Data extracted from a collection
━━━

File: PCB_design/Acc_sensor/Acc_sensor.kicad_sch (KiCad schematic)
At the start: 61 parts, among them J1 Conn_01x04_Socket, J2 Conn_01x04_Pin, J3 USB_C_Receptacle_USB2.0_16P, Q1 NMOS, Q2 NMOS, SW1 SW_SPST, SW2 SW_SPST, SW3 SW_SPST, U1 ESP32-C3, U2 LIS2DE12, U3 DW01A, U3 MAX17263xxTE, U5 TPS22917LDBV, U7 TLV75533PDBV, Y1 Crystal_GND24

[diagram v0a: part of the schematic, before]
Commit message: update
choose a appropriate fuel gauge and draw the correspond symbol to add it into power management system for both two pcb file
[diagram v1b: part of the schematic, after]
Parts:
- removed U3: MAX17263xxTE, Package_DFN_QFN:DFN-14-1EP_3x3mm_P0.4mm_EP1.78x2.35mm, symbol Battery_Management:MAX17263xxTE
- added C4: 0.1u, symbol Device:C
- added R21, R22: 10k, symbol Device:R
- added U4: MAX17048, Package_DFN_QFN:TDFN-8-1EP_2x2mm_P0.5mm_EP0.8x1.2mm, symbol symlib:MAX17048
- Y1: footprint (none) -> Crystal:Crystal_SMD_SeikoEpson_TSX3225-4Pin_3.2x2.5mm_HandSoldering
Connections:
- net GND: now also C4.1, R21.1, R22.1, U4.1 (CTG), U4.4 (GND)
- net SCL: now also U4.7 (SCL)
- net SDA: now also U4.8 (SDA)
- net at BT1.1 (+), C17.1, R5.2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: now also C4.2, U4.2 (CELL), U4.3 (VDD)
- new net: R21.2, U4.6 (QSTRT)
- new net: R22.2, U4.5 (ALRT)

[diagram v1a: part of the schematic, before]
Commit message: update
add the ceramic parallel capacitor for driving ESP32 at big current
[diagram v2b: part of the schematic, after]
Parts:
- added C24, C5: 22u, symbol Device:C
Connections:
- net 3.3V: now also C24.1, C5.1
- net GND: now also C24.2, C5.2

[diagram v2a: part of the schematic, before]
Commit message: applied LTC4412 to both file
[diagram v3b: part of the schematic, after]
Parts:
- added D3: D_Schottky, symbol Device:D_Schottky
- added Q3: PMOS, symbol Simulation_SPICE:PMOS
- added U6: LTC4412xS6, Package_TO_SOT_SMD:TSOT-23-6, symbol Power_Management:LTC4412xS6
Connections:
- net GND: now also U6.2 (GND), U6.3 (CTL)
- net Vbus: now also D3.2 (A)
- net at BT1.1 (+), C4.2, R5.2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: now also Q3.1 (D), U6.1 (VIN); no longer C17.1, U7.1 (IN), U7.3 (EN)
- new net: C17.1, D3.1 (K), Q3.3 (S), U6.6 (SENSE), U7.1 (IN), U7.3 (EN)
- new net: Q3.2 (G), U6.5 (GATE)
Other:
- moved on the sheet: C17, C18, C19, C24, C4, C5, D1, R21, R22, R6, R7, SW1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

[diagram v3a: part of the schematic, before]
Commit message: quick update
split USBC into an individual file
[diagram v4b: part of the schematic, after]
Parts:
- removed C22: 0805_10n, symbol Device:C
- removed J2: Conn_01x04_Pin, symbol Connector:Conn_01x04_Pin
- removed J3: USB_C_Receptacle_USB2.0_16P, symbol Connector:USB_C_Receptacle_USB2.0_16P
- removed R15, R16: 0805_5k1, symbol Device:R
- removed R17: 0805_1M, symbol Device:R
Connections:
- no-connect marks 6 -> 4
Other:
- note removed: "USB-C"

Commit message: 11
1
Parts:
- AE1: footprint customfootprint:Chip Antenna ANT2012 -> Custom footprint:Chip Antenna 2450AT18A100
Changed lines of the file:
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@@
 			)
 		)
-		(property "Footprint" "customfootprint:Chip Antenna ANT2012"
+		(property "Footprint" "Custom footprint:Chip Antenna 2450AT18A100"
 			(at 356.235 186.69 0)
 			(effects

━━━

EXERCISE AIM: The reply should contain all of the entries exactly as shown above.

TASK OUTPUT:
File: PCB_design/Acc_sensor/Acc_sensor.kicad_sch (KiCad schematic)
At the start: 61 parts, among them J1 Conn_01x04_Socket, J2 Conn_01x04_Pin, J3 USB_C_Receptacle_USB2.0_16P, Q1 NMOS, Q2 NMOS, SW1 SW_SPST, SW2 SW_SPST, SW3 SW_SPST, U1 ESP32-C3, U2 LIS2DE12, U3 DW01A, U3 MAX17263xxTE, U5 TPS22917LDBV, U7 TLV75533PDBV, Y1 Crystal_GND24

[diagram v0a: part of the schematic, before]
Commit message: update
choose a appropriate fuel gauge and draw the correspond symbol to add it into power management system for both two pcb file
[diagram v1b: part of the schematic, after]
Parts:
- removed U3: MAX17263xxTE, Package_DFN_QFN:DFN-14-1EP_3x3mm_P0.4mm_EP1.78x2.35mm, symbol Battery_Management:MAX17263xxTE
- added C4: 0.1u, symbol Device:C
- added R21, R22: 10k, symbol Device:R
- added U4: MAX17048, Package_DFN_QFN:TDFN-8-1EP_2x2mm_P0.5mm_EP0.8x1.2mm, symbol symlib:MAX17048
- Y1: footprint (none) -> Crystal:Crystal_SMD_SeikoEpson_TSX3225-4Pin_3.2x2.5mm_HandSoldering
Connections:
- net GND: now also C4.1, R21.1, R22.1, U4.1 (CTG), U4.4 (GND)
- net SCL: now also U4.7 (SCL)
- net SDA: now also U4.8 (SDA)
- net at BT1.1 (+), C17.1, R5.2: now also C4.2, U4.2 (CELL), U4.3 (VDD)
- new net: R21.2, U4.6 (QSTRT)
- new net: R22.2, U4.5 (ALRT)

[diagram v1a: part of the schematic, before]
Commit message: update
add the ceramic parallel capacitor for driving ESP32 at big current
[diagram v2b: part of the schematic, after]
Parts:
- added C24, C5: 22u, symbol Device:C
Connections:
- net 3.3V: now also C24.1, C5.1
- net GND: now also C24.2, C5.2

[diagram v2a: part of the schematic, before]
Commit message: applied LTC4412 to both file
[diagram v3b: part of the schematic, after]
Parts:
- added D3: D_Schottky, symbol Device:D_Schottky
- added Q3: PMOS, symbol Simulation_SPICE:PMOS
- added U6: LTC4412xS6, Package_TO_SOT_SMD:TSOT-23-6, symbol Power_Management:LTC4412xS6
Connections:
- net GND: now also U6.2 (GND), U6.3 (CTL)
- net Vbus: now also D3.2 (A)
- net at BT1.1 (+), C4.2, R5.2: now also Q3.1 (D), U6.1 (VIN); no longer C17.1, U7.1 (IN), U7.3 (EN)
- new net: C17.1, D3.1 (K), Q3.3 (S), U6.6 (SENSE), U7.1 (IN), U7.3 (EN)
- new net: Q3.2 (G), U6.5 (GATE)
Other:
- moved on the sheet: C17, C18, C19, C24, C4, C5, D1, R21, R22, R6, R7, SW1

[diagram v3a: part of the schematic, before]
Commit message: quick update
split USBC into an individual file
[diagram v4b: part of the schematic, after]
Parts:
- removed C22: 0805_10n, symbol Device:C
- removed J2: Conn_01x04_Pin, symbol Connector:Conn_01x04_Pin
- removed J3: USB_C_Receptacle_USB2.0_16P, symbol Connector:USB_C_Receptacle_USB2.0_16P
- removed R15, R16: 0805_5k1, symbol Device:R
- removed R17: 0805_1M, symbol Device:R
Connections:
- no-connect marks 6 -> 4
Other:
- note removed: "USB-C"

Commit message: 11
1
Parts:
- AE1: footprint customfootprint:Chip Antenna ANT2012 -> Custom footprint:Chip Antenna 2450AT18A100
Changed lines of the file:
@@
 			)
 		)
-		(property "Footprint" "customfootprint:Chip Antenna ANT2012"
+		(property "Footprint" "Custom footprint:Chip Antenna 2450AT18A100"
 			(at 356.235 186.69 0)
 			(effects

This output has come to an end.